(Stored items from a collection)
_ _ _ _ _ _ _
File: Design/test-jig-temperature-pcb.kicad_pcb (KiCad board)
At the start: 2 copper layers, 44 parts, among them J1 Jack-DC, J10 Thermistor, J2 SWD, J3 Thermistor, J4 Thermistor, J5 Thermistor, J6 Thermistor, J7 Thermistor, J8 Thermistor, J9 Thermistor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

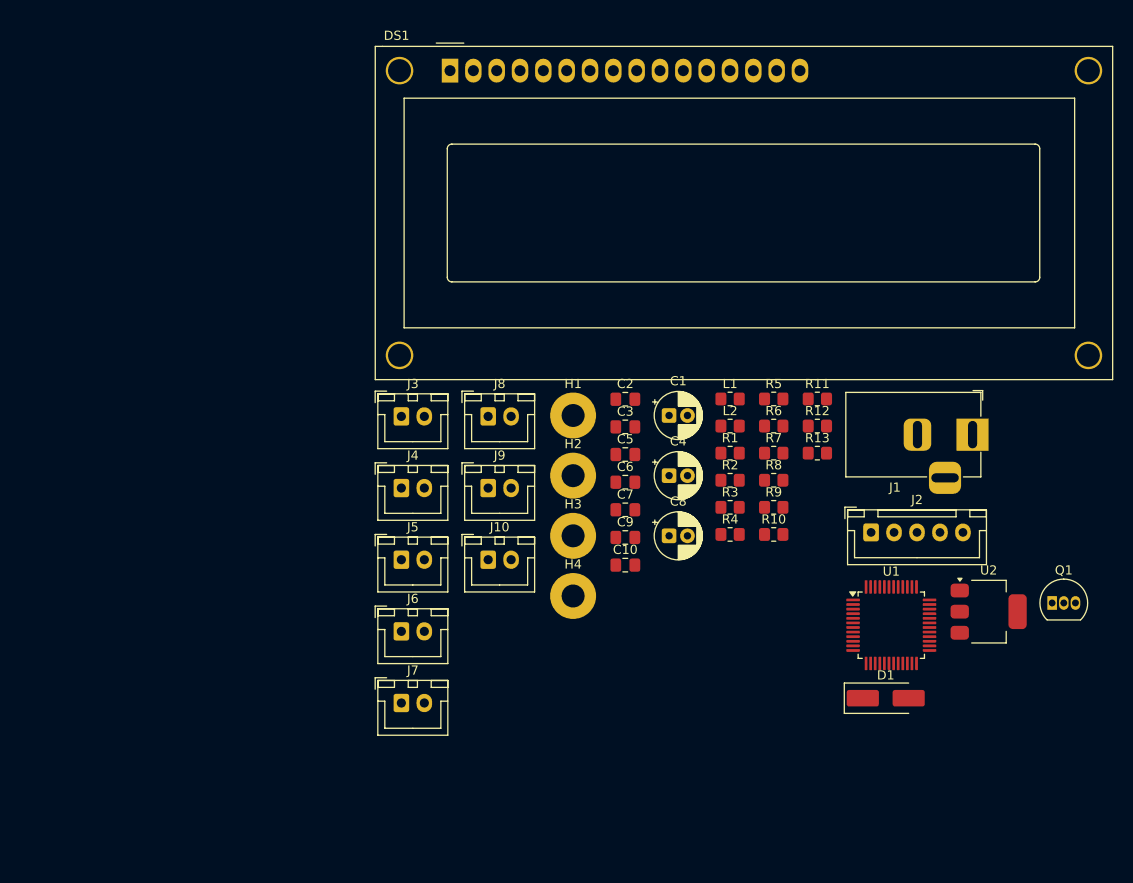
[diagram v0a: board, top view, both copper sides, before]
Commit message: Group components and route thermistor connector to MCU
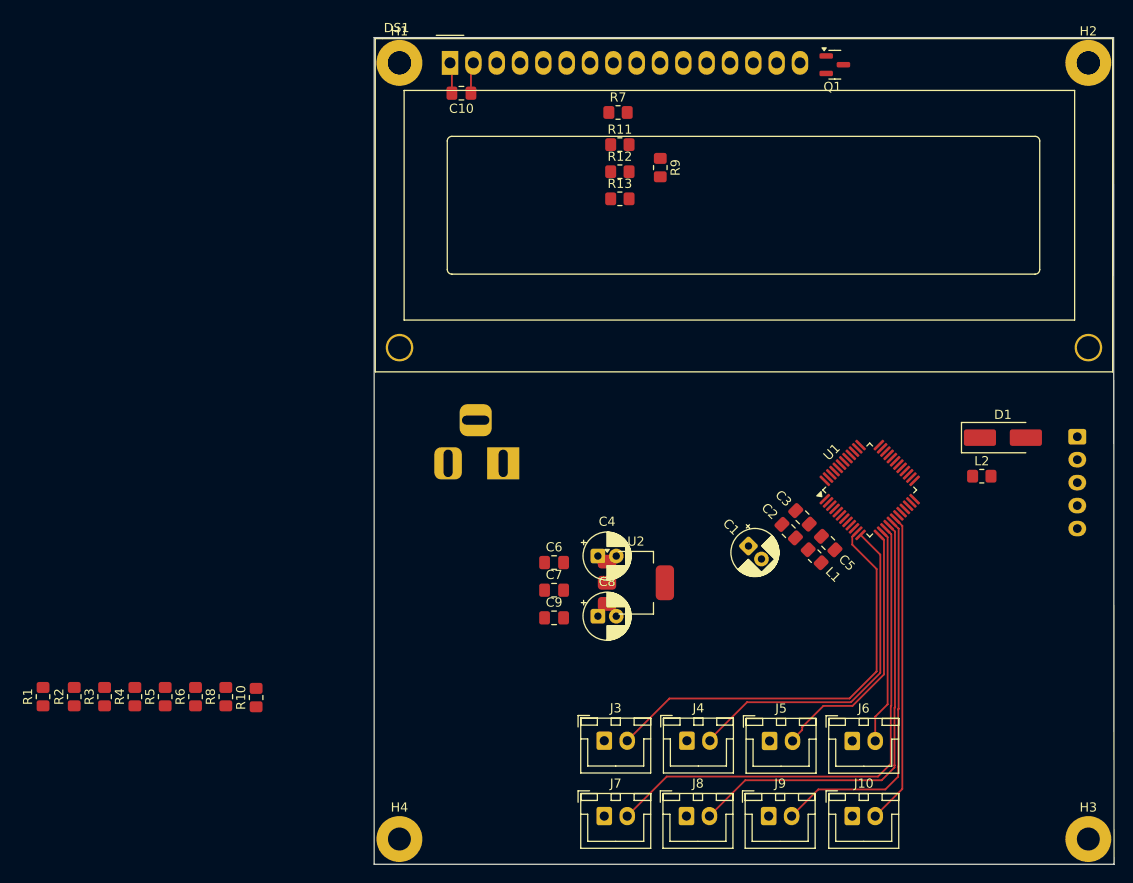
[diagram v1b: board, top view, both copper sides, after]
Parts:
- J1, J2: moved to B.Cu
- Q1: footprint Package_TO_SOT_THT:TO-92_Inline -> Package_TO_SOT_SMD:SOT-23
- moved R1 79.4 mm to (69.1, 132.7), turned to 90 degrees
- moved R2 75.2 mm to (72.5, 132.7), turned to 90 degrees
- moved R5 73.8 mm to (82.4, 132.7), turned to 90 degrees
- moved H2 71.9 mm to (182.9, 63.7)
- moved R3 71.2 mm to (75.8, 132.7), turned to 90 degrees
- moved R6 69.5 mm to (85.7, 132.7), turned to 90 degrees
- moved R4 67.2 mm to (79.1, 132.7), turned to 90 degrees
- moved H3 65.1 mm to (182.9, 148.2)
- moved R8 64.1 mm to (89.0, 132.7), turned to 90 degrees
- moved Q1 63.2 mm to (155.3, 63.9)
- moved R10 59.1 mm to (92.3, 132.8), turned to 90 degrees
- moved C10 54.4 mm to (114.7, 67.0), turned to 180 degrees
- moved J1 51.2 mm to (119.2, 107.3)
- moved J6 50.5 mm to (157.2, 137.5)
- moved J8 48.6 mm to (139.2, 145.7)
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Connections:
- C1 pad 1: Net-(C1-Pad1) -> MCU_VDD
- C2 pad 1: Net-(C1-Pad1) -> MCU_VDD
- C3 pad 1: Net-(C1-Pad1) -> MCU_VDD
- L1 pad 2: Net-(C1-Pad1) -> MCU_VDD
- U1 pad 5: +3.3V -> MCU_VDD
- U1 pad 6: +3.3V -> MCU_VDD
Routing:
- net THERM_5: track 0.00 -> 57.0 mm
- net THERM_6: track 0.00 -> 49.0 mm
- net THERM_1: track 0.00 -> 46.8 mm
- net THERM_7: track 0.00 -> 41.4 mm
- net THERM_2: track 0.00 -> 37.6 mm
- net THERM_8: track 0.00 -> 33.9 mm
- net THERM_3: track 0.00 -> 28.6 mm
- net THERM_4: track 0.00 -> 23.6 mm
- net +5V: track 0.00 -> 3.41 mm
- net GND: track 0.00 -> 3.38 mm
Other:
- board outline added: 80.5 x 90 mm

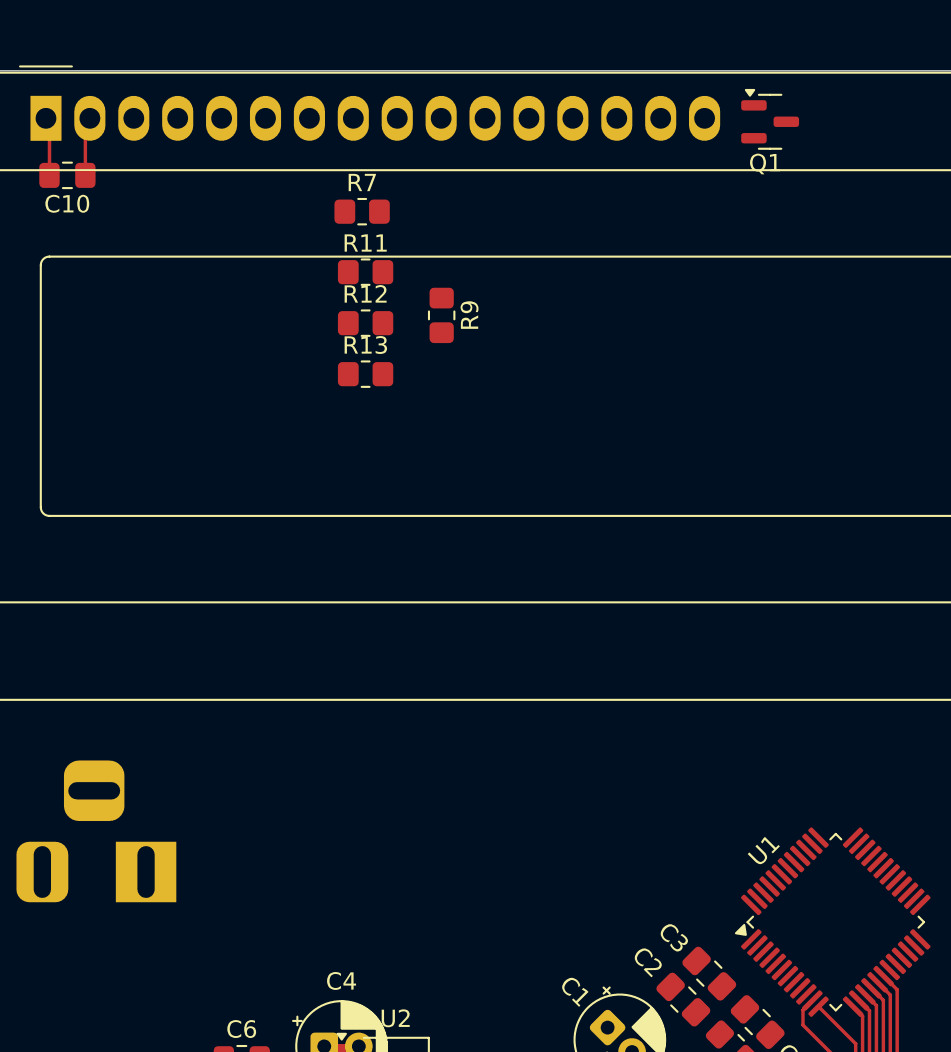
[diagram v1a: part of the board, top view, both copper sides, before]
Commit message: Route the 16x2 LCD to the microcontroller
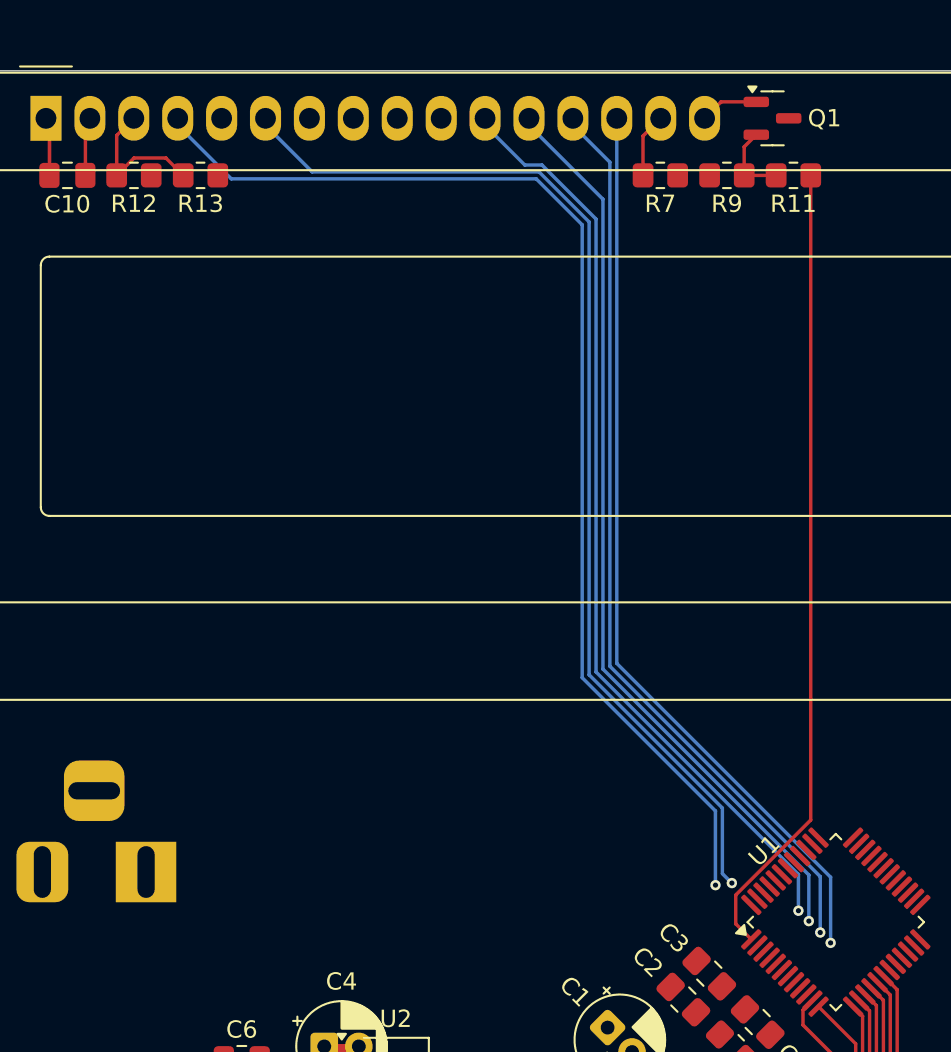
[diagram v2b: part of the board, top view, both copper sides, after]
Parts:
- moved R11 25.4 mm to (156.7, 67.0), turned to 180 degrees
- moved R9 18.4 mm to (152.8, 67.0), turned to 180 degrees
- moved R7 17.4 mm to (148.9, 67.0), turned to 180 degrees
- moved R12 15.9 mm to (118.5, 67.0), turned to 180 degrees
- moved R13 14.9 mm to (122.3, 67.0)
- moved Q1 0.24 mm to (155.4, 63.7)
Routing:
- net LCD_RS: track 0.00 -> 67.6 mm, vias 0 -> 1
- net LCD_EN: track 0.00 -> 63.1 mm, vias 0 -> 1
- net LCD_DATA0: track 0.00 -> 53.9 mm, vias 0 -> 1
- net LCD_DATA1: track 0.00 -> 53.1 mm, vias 0 -> 1
- net LCD_DATA2: track 0.00 -> 53.0 mm, vias 0 -> 1
- net LCD_DATA3: track 0.00 -> 52.8 mm, vias 0 -> 1
- net LCD_BACKLIGHT: track 0.00 -> 46.4 mm
- net Net-(DS1-VO): track 0.00 -> 8.39 mm
- net Net-(Q1-B): track 0.00 -> 4.49 mm
- net Net-(DS1-LED(+)): track 0.00 -> 3.72 mm
- net Net-(DS1-LED(-)): track 0.00 -> 3.38 mm

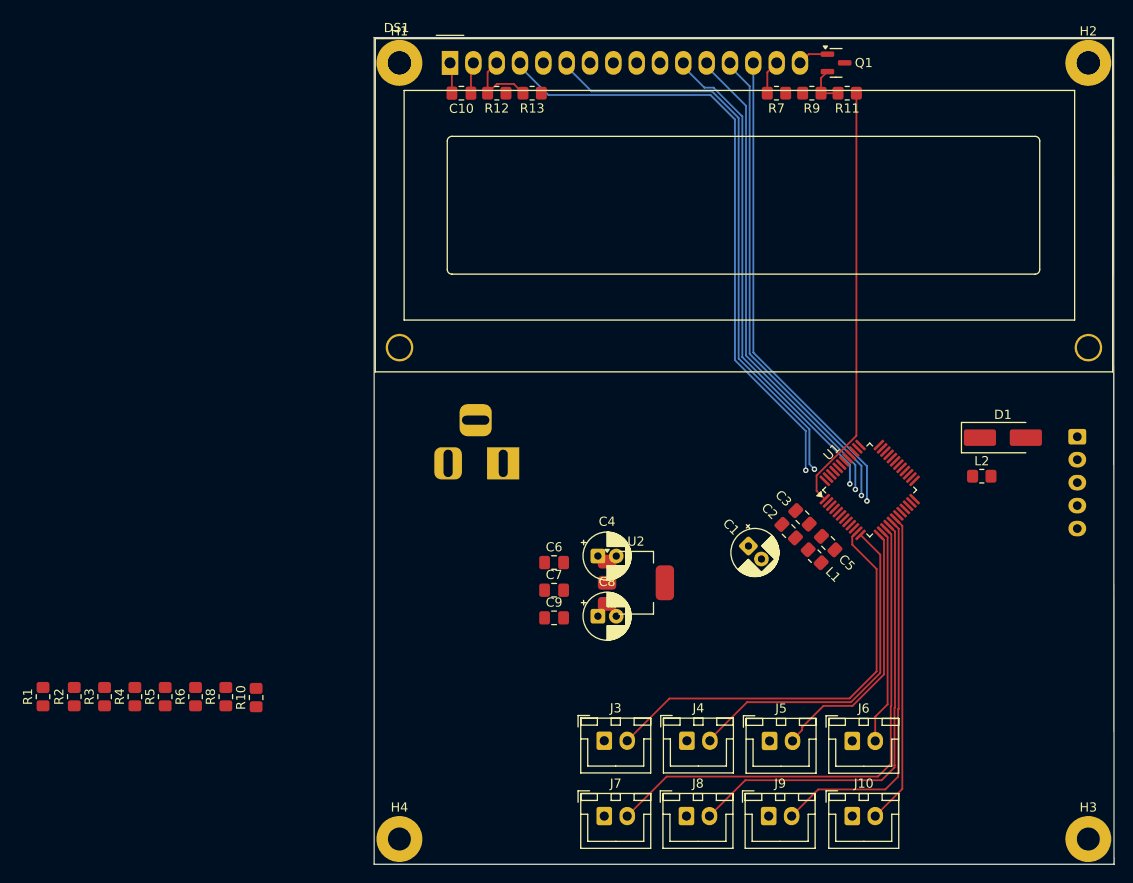
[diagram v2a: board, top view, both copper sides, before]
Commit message: Reposition thermistor connectors and re-route connections
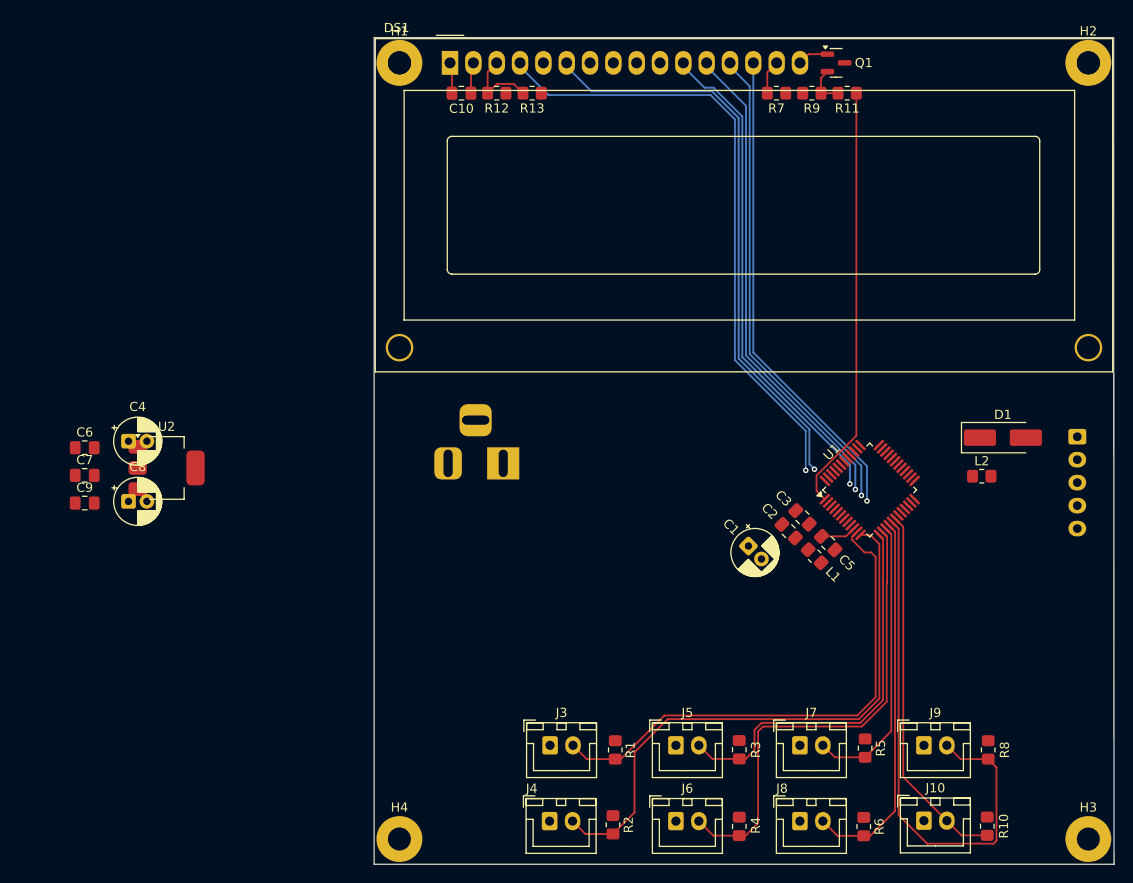
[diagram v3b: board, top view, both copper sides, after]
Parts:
- moved R8 83.2 mm to (172.0, 138.5), turned to -90 degrees
- moved R10 80.8 mm to (171.9, 146.8), turned to -90 degrees
- moved R5 76.4 mm to (158.6, 138.3), turned to -90 degrees
- moved R6 74.1 mm to (158.4, 146.8), turned to -90 degrees
- moved R3 69.3 mm to (144.9, 138.5), turned to -90 degrees
- moved R4 67.3 mm to (144.9, 146.8), turned to -90 degrees
- moved R1 62.6 mm to (131.4, 138.5), turned to -90 degrees
- moved R2 60.3 mm to (131.2, 146.7), turned to -90 degrees
- moved U2 52.6 mm to (82.5, 107.8)
- moved C4 52.6 mm to (78.4, 104.9)
- moved C6 52.6 mm to (73.6, 105.6)
- moved C7 52.6 mm to (73.6, 108.6)
- moved C8 52.6 mm to (78.4, 111.4)
- moved C9 52.6 mm to (73.6, 111.6)
- moved J7 22.6 mm to (151.5, 138.0)
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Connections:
- R1 pad 1: +5V -> +3.3V
- R10 pad 1: +5V -> +3.3V
- R2 pad 1: +5V -> +3.3V
- R3 pad 1: +5V -> +3.3V
- R4 pad 1: +5V -> +3.3V
- R5 pad 1: +5V -> +3.3V
- R6 pad 1: +5V -> +3.3V
- R8 pad 1: +5V -> +3.3V
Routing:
- net THERM_4: track 23.6 -> 51.7 mm
- net THERM_2: track 37.6 -> 63.2 mm
- net THERM_5: track 57.0 -> 31.5 mm
- net THERM_7: track 41.4 -> 58.7 mm
- net THERM_3: track 28.6 -> 42.8 mm
- net THERM_1: track 46.8 -> 56.1 mm
- net THERM_6: track 49.0 -> 41.0 mm
- net THERM_8: track 33.9 -> 40.3 mm
- net SWD_NRST: track 0.00 -> 3.91 mm

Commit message: Route components in power supply section and update README with current PCB image and project structure details
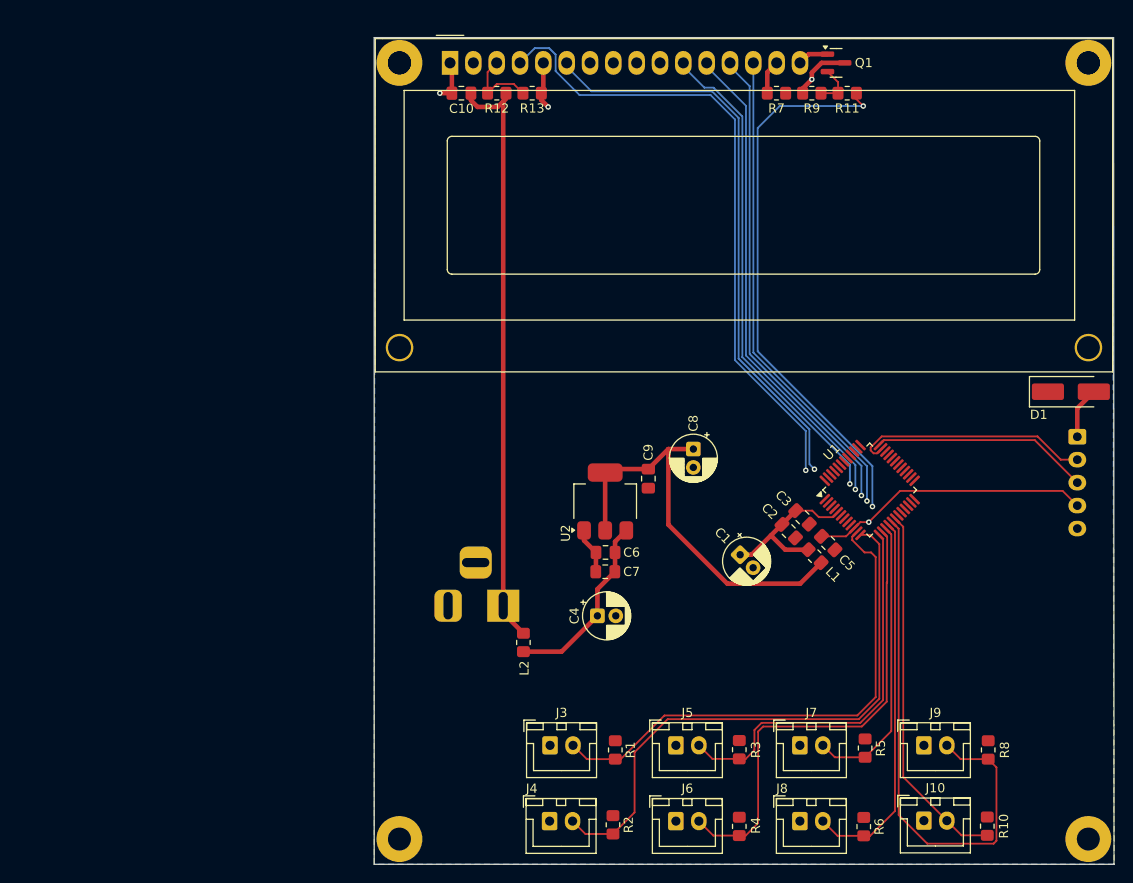
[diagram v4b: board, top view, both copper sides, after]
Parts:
- moved C8 61.8 mm to (139.9, 105.7), turned to -90 degrees
- moved C9 61.4 mm to (135.0, 109.0), turned to -90 degrees
- moved C6 57.8 mm to (130.3, 117.0), turned to 180 degrees
- moved C7 57.6 mm to (130.3, 119.1), turned to 180 degrees
- moved C4 54.5 mm to (129.5, 123.9)
- moved L2 53.1 mm to (121.4, 126.8), turned to -90 degrees
- moved U2 47.9 mm to (130.3, 111.5), turned to 90 degrees
- moved J1 15.5 mm to (119.2, 122.8)
- moved D1 8.93 mm to (181.0, 99.5)
- moved C1 1.31 mm to (145.0, 117.2)
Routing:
- net +5V: track 3.41 -> 65.0 mm
- net +3.3V: track 0.00 -> 45.4 mm
- net SWD_NRST: track 3.91 -> 30.6 mm, vias 0 -> 1
- net SWD_SWDIO: track 0.00 -> 26.0 mm
- net SWD_SWCLK: track 0.00 -> 23.7 mm
- net Net-(U2-VI): track 0.00 -> 20.3 mm
- net GND: track 3.38 -> 21.6 mm, vias 0 -> 3
- net MCU_VDD: track 0.00 -> 17.8 mm
- net LCD_BACKLIGHT: track 46.4 -> 60.6 mm, vias 0 -> 2
- net SWD_+5V: track 0.00 -> 5.65 mm
- net LCD_RS: track 67.6 -> 70.1 mm
- added copper zone on B.Cu, net GND
_ _ _ _ _ _ _
Work instructions
Could you retype exactly the lines above, starting at the line that contains "- R1 pad 1: +5V -> +3.3V" and ending at the line that contains "- net THERM_4: track 23.6 -> 51.7 mm", and nothing more?

Solution to this problem
- R1 pad 1: +5V -> +3.3V
- R10 pad 1: +5V -> +3.3V
- R2 pad 1: +5V -> +3.3V
- R3 pad 1: +5V -> +3.3V
- R4 pad 1: +5V -> +3.3V
- R5 pad 1: +5V -> +3.3V
- R6 pad 1: +5V -> +3.3V
- R8 pad 1: +5V -> +3.3V
Routing:
- net THERM_4: track 23.6 -> 51.7 mm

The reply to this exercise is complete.